Start of Record set

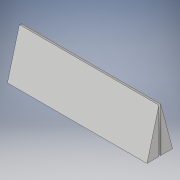
# Autodesk Inventor part: sideFoldSupport
Saved by Autodesk Inventor 2019 (Build 230136000, 136)
## iProperties
Created: 2018-07-17
Part Number: sideFoldSupport
Material: Generic
Document SubType Name: Modeling
Designer: Ge Shi
Density: 1 g/cm^3
Appearance: Default
Author: Ge Shi
Autodesk Inventor part; units mm, degrees
ref_plane "YZ Plane" through (0, 0, 0) normal (1, 0, 0) x (0, 1, 0)
ref_plane "XZ Plane" through (0, 0, 0) normal (0, 1, 0) x (-1, 0, 0)
ref_plane "XY Plane" through (0, 0, 0) normal (0, 0, 1) x (1, 0, 0)
sketch "Sketch1" plane through (0, 0, 0) normal (1, 0, 0) x (0, 1, 0)
  line L0 (0, 0.7604) -> (39.9222, 0.7604)
  line L1 (39.9222, 0.7604) -> (0, 11.4575)
  line L2 (0, -11.4575) -> (40, -0.7396)
  line L3 (40, -0.7396) -> (0, -0.7396)
  line L4 (0, 0) -> (3.0655, 0) construction
  line L5 (0, 11.4575) -> (0, 0.7604)
  line L6 (0, -0.7396) -> (0, -11.4575)
  dimension "d0" = 1.5
  dimension "d2" = 15
  constraints: 14 end point, 1 collinear, 1 horizontal, 1 parallel, 1 vertical, 1 other
  measures "d0" distance between parallel lines of L0 L3
  measures "d2" angle of L1 L0
extrude "Extrusion1" add sketch "Sketch1" along normal blind 125
equation "\"d0\" = thickness"
equation "\"d3\" = 5 * width"
equation "\"thickness\" = 1.5"
equation "\"width\" = 25"
body "Solid1"
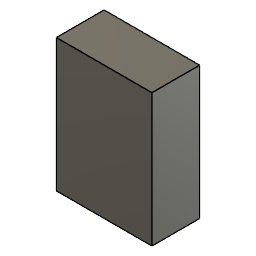
speeduino+mock (Autodesk Fusion 360 design; units mm, degrees)
part number: 2026-02-08-15-26-22-404
Autodesk Fusion 360 part; units mm, degrees
sketch "Sketch1" plane through (0, 0, 0) normal (0, 0, 1) x (1, 0, 0)
  line L0 (-42.3554, 32.3304) -> (27.4946, 32.3304)
  line L1 (27.4946, 32.3304) -> (27.4946, -126.4196)
  line L2 (27.4946, -126.4196) -> (-42.3554, -126.4196)
  line L3 (-42.3554, -126.4196) -> (-42.3554, 32.3304)
  dimension "d1" = 69.85
  dimension "d2" = 158.75
  constraint horizontal L0
  constraint vertical L1
  constraint horizontal L2
  constraint vertical L3
  measures "d1" distance of L0.start L0.end
  measures "d2" distance of L0.start L2.end
extrude "Extrude1" add sketch "Sketch1" along normal blind 57.15
extrude "Extrude2" add 1 faces at (-42.3554, -20.5862, 38.1) along direction (-1, 0, 0) blind 44.45
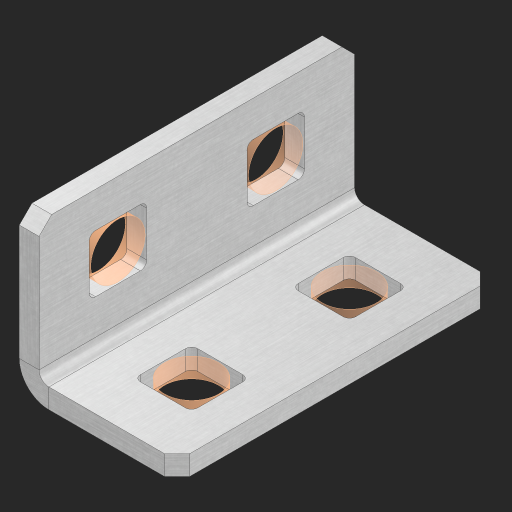
# Autodesk Inventor part: Alu C 1x2x1x35
Saved by Autodesk Inventor 2023 (Build 270158000, 158)
## iProperties
Created: 2022-07-28
Part Number: Alu C 1x2x1x35
Material: Generic
Document SubType Name: Sheet Metal
Designer: ylu12
Density: 1 g/cm^3
Sheet Metal Rule: Default
Appearance: Aluminum
Author: ylu12
Autodesk Inventor part; units mm, degrees
ref_plane "YZ Plane" through (0, 0, 0) normal (1, 0, 0) x (0, 1, 0)
ref_plane "XZ Plane" through (0, 0, 0) normal (0, 1, 0) x (-1, 0, 0)
sketch "Sketch1" plane through (0, 0, 0) normal (0, 1, 0) x (-1, 0, 0)
  line L0 (-6.35, 0) -> (6.35, 0)
  line L1 (6.35, 0) -> (6.35, -25.4)
  line L2 (6.35, -25.4) -> (-6.35, -25.4)
  line L3 (-6.35, -25.4) -> (-6.35, 0)
  line L4 (6.35, 0) -> (-6.35, -25.4) construction
  point P0 (0, 0)
  point P1 (0, 0)
  dimension "d0" = 12.7
  dimension "d1" = 25.4
  measures "d0" distance of L1.end L2.end
  measures "d1" distance of L0.end L1.end
extrude "Plate1" add sketch "Sketch1" along normal blind 1.5875
sketch "Sketch2" plane through (-4.7625, 0, 0) normal (-1, 0, 0) x (0, -1, 0)
  line L0 (0, -25.4) -> (0, 0)
  line L1 (0, 0) -> (-12.7, 0)
  line L2 (-12.7, 0) -> (-12.7, -25.4)
  line L3 (-12.7, -25.4) -> (0, -25.4)
  constraints: 6 end point, 1 horizontal, 1 perpendicular, 1 vertical
edge flange "Flanges" height 12.7 angle 90 thickness 1.5875 bend radius 0.7937 thickness toward (-1, 0, 0) relief tear relief width 1.5875 relief depth 0.7937 edges at (-6.35, 1.5875, -12.7) wall of the first edge with corners at (-4.7625, 0, -25.4) (-4.7625, 0, 0) (-4.7625, 12.7, 0) (-4.7625, 12.7, -25.4)
bend "Bend1"
corner "Corner1"
sketch "Sketch8" plane through (0, 0, 0) normal (0, -1, 0) x (1, 0, 0)
  line L0 (6.35, 0) -> (-3.9687, 0) construction
  line L1 (2.9718, -4.0386) -> (-0.635, -4.0386)
  line L2 (-1.143, -4.5466) -> (-1.143, -8.1534)
  line L3 (-0.635, -8.6614) -> (2.9718, -8.6614)
  line L4 (3.4798, -8.1534) -> (3.4798, -4.5466)
  arc A0 (3.4798, -4.5466) -> (2.9718, -4.0386) centre (2.9718, -4.5466) ccw
  arc A1 (2.9718, -8.6614) -> (3.4798, -8.1534) centre (2.9718, -8.1534) ccw
  arc A2 (-1.143, -8.1534) -> (-0.635, -8.6614) centre (-0.635, -8.1534) ccw
  arc A3 (-0.635, -4.0386) -> (-1.143, -4.5466) centre (-0.635, -4.5466) ccw
  line L5 (2.9718, -4.5466) -> (-0.635, -8.1534) construction
  line L6 (6.35, -25.4) -> (6.35, 0) construction
  point P0 (0, 0)
  point P1 (-1.143, -8.6614)
  point P2 (3.4798, -8.6614)
  point P3 (12.7, 0)
  point P4 (1.1684, -6.35)
  dimension "d49" = 4.6228
  dimension "d50" = 0.508
  dimension "d52" = 6.35
  dimension "d123" = 5.1816
  constraints: 10 end point, 8 point on circle, 8 tangent, 4 centre point, 4 point on line, 3 equal radius, 2 parallel, 2 perpendicular, 1 horizontal, 1 midpoint, 1 other
  measures "d49" distance of point (3.48, -8.661) point (-1.143, -8.661)
  measures "d50" radius of A0
  measures "d52" distance from line of L0 point (1.168, -6.35)
extrude "Body Stamp" cut sketch "Sketch8" against normal blind 1.5875
sketch "Sketch9" plane through (0, 0, 0) normal (0, -1, 0) x (1, 0, 0)
  arc A0 (3.4798, -4.5466) -> (2.9718, -4.0386) centre (2.9718, -4.5466) ccw construction
  arc A1 (-1.143, -8.1534) -> (-0.635, -8.6614) centre (-0.635, -8.1534) ccw construction
  line L0 (2.9718, -4.5466) -> (-0.635, -8.1534) construction
  circle A2 centre (1.1684, -6.35) radius 2.1844
  point P0 (0, 0)
  dimension "d55" = 4.3688
  constraints: 2 end point, 1 centre point, 1 midpoint
  measures "d55" diameter of A2
surface extrude "Body Circle" sketch "Sketch9" against normal up to surface (1.5875 mm away) shown yes curves A2
sketch "Body Pattern Sketch" plane through (0, 0, 0) normal (0, -1, 0) x (1, 0, 0)
  line L0 (1.1684, -6.35) -> (1.1684, 0) construction
  circle A0 centre (1.1684, -6.35) radius 2.1844 construction
  point P0 (1.1684, -19.05)
  dimension "d133" = 12.7
  constraints: 2 end point, 2 vertical, 1 coincident, 1 other
  measures "d133" distance of L0.start point (1.168, -19.05)
pattern_sketch "Body Pattern" of "Body Stamp", "Body Circle" from (1.1684, 0, -6.35) copies at (1.1684, 0, -19.05)
sketch "Arc Length" plane through (19.05, 2.3812, 0) normal (0, 0, 1) x (1, 0, 0)
  line L0 (-25.4, 0) -> (-23.8125, 0) projected
  arc A0 (-25.4, 0) -> (-23.0187, -2.3813) centre (-23.0187, 0) ccw projected
  line L1 (-23.0187, -0.7938) -> (-23.0187, -2.3813) projected
  arc A1 (-23.8125, 0) -> (-23.0187, -0.7938) centre (-23.0187, 0) ccw projected
  point P0 (-19.05, -2.3812)
  dimension "d126" = 1.2468
  dimension "d127" = 3.7405
sketch "Sketch13" plane through (-6.35, 0, 419.1) normal (1, 0, 0) x (0, 0, -1)
  line L0 (480.568, 12.7) -> (482.6, 10.668)
  line L1 (482.6, 10.668) -> (484.632, 12.7)
  line L2 (480.568, 12.7) -> (484.632, 12.7)
  line L3 (482.6, 3.3973) -> (480.3372, 1.1344)
  line L4 (480.3372, 1.1344) -> (482.6, -1.1284)
  line L5 (482.6, -1.1284) -> (484.8628, 1.1344)
  line L6 (484.8628, 1.1344) -> (482.6, 3.3973)
  line L7 (482.6, 3.3973) -> (482.6, -1.1284) construction
  line L8 (482.6, 10.668) -> (482.6, 3.3973) construction
  line L9 (444.5, 12.7) -> (419.1, 12.7) projected
  line L10 (444.5, 2.3813) -> (419.1, 2.3813) construction
  line L11 (419.1, 12.7) -> (419.1, 2.3813) construction
  point P0 (444.5, -11.9062)
  point P1 (419.1, 0)
  dimension "d86" = 4.5256
  dimension "d128" = 2.032
  dimension "d129" = 1.016
  dimension "d130" = 63.5
  constraints: 19 end point, 6 perpendicular, 2 vertical, 1 collinear, 1 other
  measures "d86" distance of L3.start L4.end
  measures "d128" distance from line of L2 L0.end
  measures "d130" distance between parallel lines of L11 L8
feature "Notch" [suppressed]
pattern_linear "Notch Pattern" [suppressed]
ref_plane "Diagonal Plane" through (-4.7625, 1.5875, 0) normal (-0.7071068, 0.7071068, 0) x (0, 0, 1)
mirror "Everything Mirrored" about plane through (-4.7625, 1.5875, 0) normal (-0.7071068, 0.7071068, 0) of "Body Stamp", "Body Circle", "Body Pattern"
chamfer "End Chamfer" distance 1.016 angle 45 4 edges at (-5.5562, 12.7, -25.4) (-5.5562, 12.7, 0) (6.35, 0.7937, 0) (6.35, 0.7937, -25.4)
equation "\"d1\" = 12.7 * Length"
equation "\"d53\" = Thickness"
equation "\"d89\" = Thickness"
equation "\"d2\" = Thickness"
equation "\"d3\" = BendReliefWidth"
equation "\"d4\" = BendReliefDepth"
equation "\"d5\" = MinimumRemnant"
equation "\"d6\" = TransitionRadius"
equation "\"d10\" = CornerReliefSize"
equation "\"d11\" = GapSize"
equation "\"d12\" = JacobiRadiusSize"
equation "\"BendRadius\" = Thickness"
equation "\"BendReliefWidth\" = Thickness"
equation "\"BendReliefDepth\" = 0.5 * Thickness"
equation "\"CornerReliefSize\" = 4 * Thickness"
equation "\"MinimumRemnant\" = 2 * Thickness"
equation "\"TransitionRadius\" = BendRadius"
equation "\"JacobiRadiusSize\" = BendRadius"
equation "\"GapSize\" = Thickness"
equation "\"Length\" = 2"
equation "\"Thickness\" = 1.5875"
body "Solid1"
body "Srf91"
body "Srf92"
body "Srf856"
body "Srf1275"
body "Srf1276"
body "Srf1278"

End of Record set

Exercise instructions =>
Read through the listing and copy each line in which the word "units" occurs.

Solved exercise =>
Autodesk Inventor part; units mm, degrees
speeduino+mock (Autodesk Fusion 360 design; units mm, degrees)
Autodesk Fusion 360 part; units mm, degrees
Autodesk Inventor part; units mm, degrees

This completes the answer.